Unlike their counterparts in 1989 the police commanders in charge in 1981 were not in charge of their first match, were not ignorant and incompetent, and were seemingly not predisposed to assume all problems were the result of violent scum on the terraces who deserved everything they got.
Instead those in charge acted sensibly on the feedback of officers on the frontline. As a result they ordered the closure of the gates leading to the most crowded pens, and then directed incoming fans to safer areas. They acted somewhat late, but they did act. And many fans were helped out of the crowded spaces by fellow fans and police alike.
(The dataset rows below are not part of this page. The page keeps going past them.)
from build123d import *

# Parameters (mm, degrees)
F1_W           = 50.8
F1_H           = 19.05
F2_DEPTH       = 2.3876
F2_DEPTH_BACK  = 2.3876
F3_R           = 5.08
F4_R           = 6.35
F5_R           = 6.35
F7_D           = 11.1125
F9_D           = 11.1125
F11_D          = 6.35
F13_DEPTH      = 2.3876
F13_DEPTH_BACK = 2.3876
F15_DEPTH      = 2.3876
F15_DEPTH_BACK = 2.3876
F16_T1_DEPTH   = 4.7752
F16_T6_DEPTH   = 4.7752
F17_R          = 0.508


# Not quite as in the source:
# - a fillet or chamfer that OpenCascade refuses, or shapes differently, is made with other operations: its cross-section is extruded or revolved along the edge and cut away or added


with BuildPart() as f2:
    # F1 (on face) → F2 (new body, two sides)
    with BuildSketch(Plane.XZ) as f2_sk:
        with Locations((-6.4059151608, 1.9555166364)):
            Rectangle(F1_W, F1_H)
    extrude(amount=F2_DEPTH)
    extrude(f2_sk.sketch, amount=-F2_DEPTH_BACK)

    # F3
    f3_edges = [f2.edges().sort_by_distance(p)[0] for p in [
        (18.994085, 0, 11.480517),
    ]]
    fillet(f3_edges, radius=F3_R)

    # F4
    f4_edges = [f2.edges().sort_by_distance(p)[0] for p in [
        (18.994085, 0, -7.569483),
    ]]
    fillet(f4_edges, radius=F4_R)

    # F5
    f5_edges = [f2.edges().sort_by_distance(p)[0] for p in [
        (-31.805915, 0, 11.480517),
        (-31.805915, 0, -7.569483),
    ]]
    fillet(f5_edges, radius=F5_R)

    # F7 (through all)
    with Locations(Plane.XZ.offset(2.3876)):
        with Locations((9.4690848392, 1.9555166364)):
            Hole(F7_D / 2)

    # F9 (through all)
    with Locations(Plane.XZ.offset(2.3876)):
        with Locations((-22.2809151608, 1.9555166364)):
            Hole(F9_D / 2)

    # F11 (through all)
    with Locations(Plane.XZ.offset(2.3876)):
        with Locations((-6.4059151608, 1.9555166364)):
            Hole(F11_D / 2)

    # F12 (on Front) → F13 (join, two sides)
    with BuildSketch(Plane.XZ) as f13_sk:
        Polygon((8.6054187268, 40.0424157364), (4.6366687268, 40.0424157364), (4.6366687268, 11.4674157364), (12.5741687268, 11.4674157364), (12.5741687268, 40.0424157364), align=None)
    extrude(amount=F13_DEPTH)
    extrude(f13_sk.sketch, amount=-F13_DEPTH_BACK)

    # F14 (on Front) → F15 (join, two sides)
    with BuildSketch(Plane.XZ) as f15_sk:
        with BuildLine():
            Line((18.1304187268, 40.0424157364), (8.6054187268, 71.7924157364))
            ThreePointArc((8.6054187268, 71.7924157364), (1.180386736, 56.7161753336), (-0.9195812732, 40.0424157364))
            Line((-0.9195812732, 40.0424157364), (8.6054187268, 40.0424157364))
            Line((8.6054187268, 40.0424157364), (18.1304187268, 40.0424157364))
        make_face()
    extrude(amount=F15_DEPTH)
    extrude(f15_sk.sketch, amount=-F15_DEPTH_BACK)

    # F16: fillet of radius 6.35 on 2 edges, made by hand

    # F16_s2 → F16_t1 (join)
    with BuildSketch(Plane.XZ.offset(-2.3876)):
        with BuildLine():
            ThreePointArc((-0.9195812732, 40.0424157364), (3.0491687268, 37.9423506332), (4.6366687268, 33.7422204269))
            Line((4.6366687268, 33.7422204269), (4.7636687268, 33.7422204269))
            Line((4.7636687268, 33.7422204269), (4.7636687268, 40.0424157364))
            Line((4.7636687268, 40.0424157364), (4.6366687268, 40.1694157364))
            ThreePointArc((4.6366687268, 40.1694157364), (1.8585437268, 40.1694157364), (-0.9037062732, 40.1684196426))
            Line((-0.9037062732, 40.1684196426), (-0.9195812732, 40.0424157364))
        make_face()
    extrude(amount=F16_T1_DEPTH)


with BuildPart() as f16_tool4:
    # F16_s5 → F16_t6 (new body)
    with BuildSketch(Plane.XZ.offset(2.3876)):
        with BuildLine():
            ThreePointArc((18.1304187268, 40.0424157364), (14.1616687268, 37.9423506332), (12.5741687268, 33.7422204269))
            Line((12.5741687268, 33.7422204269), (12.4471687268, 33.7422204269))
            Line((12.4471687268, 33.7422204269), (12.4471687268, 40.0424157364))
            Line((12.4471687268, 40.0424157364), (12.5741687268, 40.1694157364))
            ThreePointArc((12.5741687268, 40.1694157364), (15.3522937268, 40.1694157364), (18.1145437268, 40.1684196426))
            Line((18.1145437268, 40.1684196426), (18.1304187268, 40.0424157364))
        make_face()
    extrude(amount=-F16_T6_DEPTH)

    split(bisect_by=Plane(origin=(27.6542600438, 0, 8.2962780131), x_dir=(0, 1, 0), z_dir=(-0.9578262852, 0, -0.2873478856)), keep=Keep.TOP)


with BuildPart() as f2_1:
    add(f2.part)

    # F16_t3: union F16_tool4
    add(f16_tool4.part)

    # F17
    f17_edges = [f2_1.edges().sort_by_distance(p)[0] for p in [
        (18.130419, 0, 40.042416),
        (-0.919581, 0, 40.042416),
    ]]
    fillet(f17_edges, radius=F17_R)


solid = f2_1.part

They then sat along the edge of the pitch to watch the game unfold.
As a result of sensible policing more and more unaware fans could no longer pour into pens where they would innocently crush to death those at the front. My fellow Yids thus gradually adjusted to their tight space, regained composure, and despite a fair few injuries stayed alive to see Ossie and Ricky win at Wembley a month later.
The experience led fans to do something that few ever did back before the days when the internet made complaining so easy. They wrote letters to the authorities to express their severe concerns and to seek answers. And while they never heard back, the FA did take action.
It would of course be understandable that those in charge of football thought very little had happened that day. In fact very little did happen thanks to good policing that negated a need for countless funerals. But even so, Hillsborough was barred as a venue for major neutral matches and only allowed to do so again in 1987 after modifications were made to the pens. Those modifications were designed to make policing easier.
Which leads back to that bitterness.
For Spurs fans the defence of the commanders after 1989 that it was an unprecedented situation they couldn’t possible have seen coming was simply a lie. Fans had been through the precedent. They had been saved from the exact same tragedy by good policing. And the FA ordered the ground changed to make good policing easier in future. So to hear bad police pretend that good police would have done no better was sickening.
Of course very little of what I’ve just written will surprise Liverpool fans. And what really spurred me to write this was not really that people out there won’t know about a semi-final in 1981 that matters little in the grand scheme of football history. What bothers me is that it has just occurred after all this time that I have no idea whether this was a similarly isolated case.
I realise now, and am suddenly frightened by this. I have no idea how exceptional or commonplace the events of both days were. Were we all regularly just a bad police chief away from death for all those years? Or were Spurs fans incredibly lucky that of the two times it really mattered our coin toss landed heads, while Liverpool’s sadly fell to tails?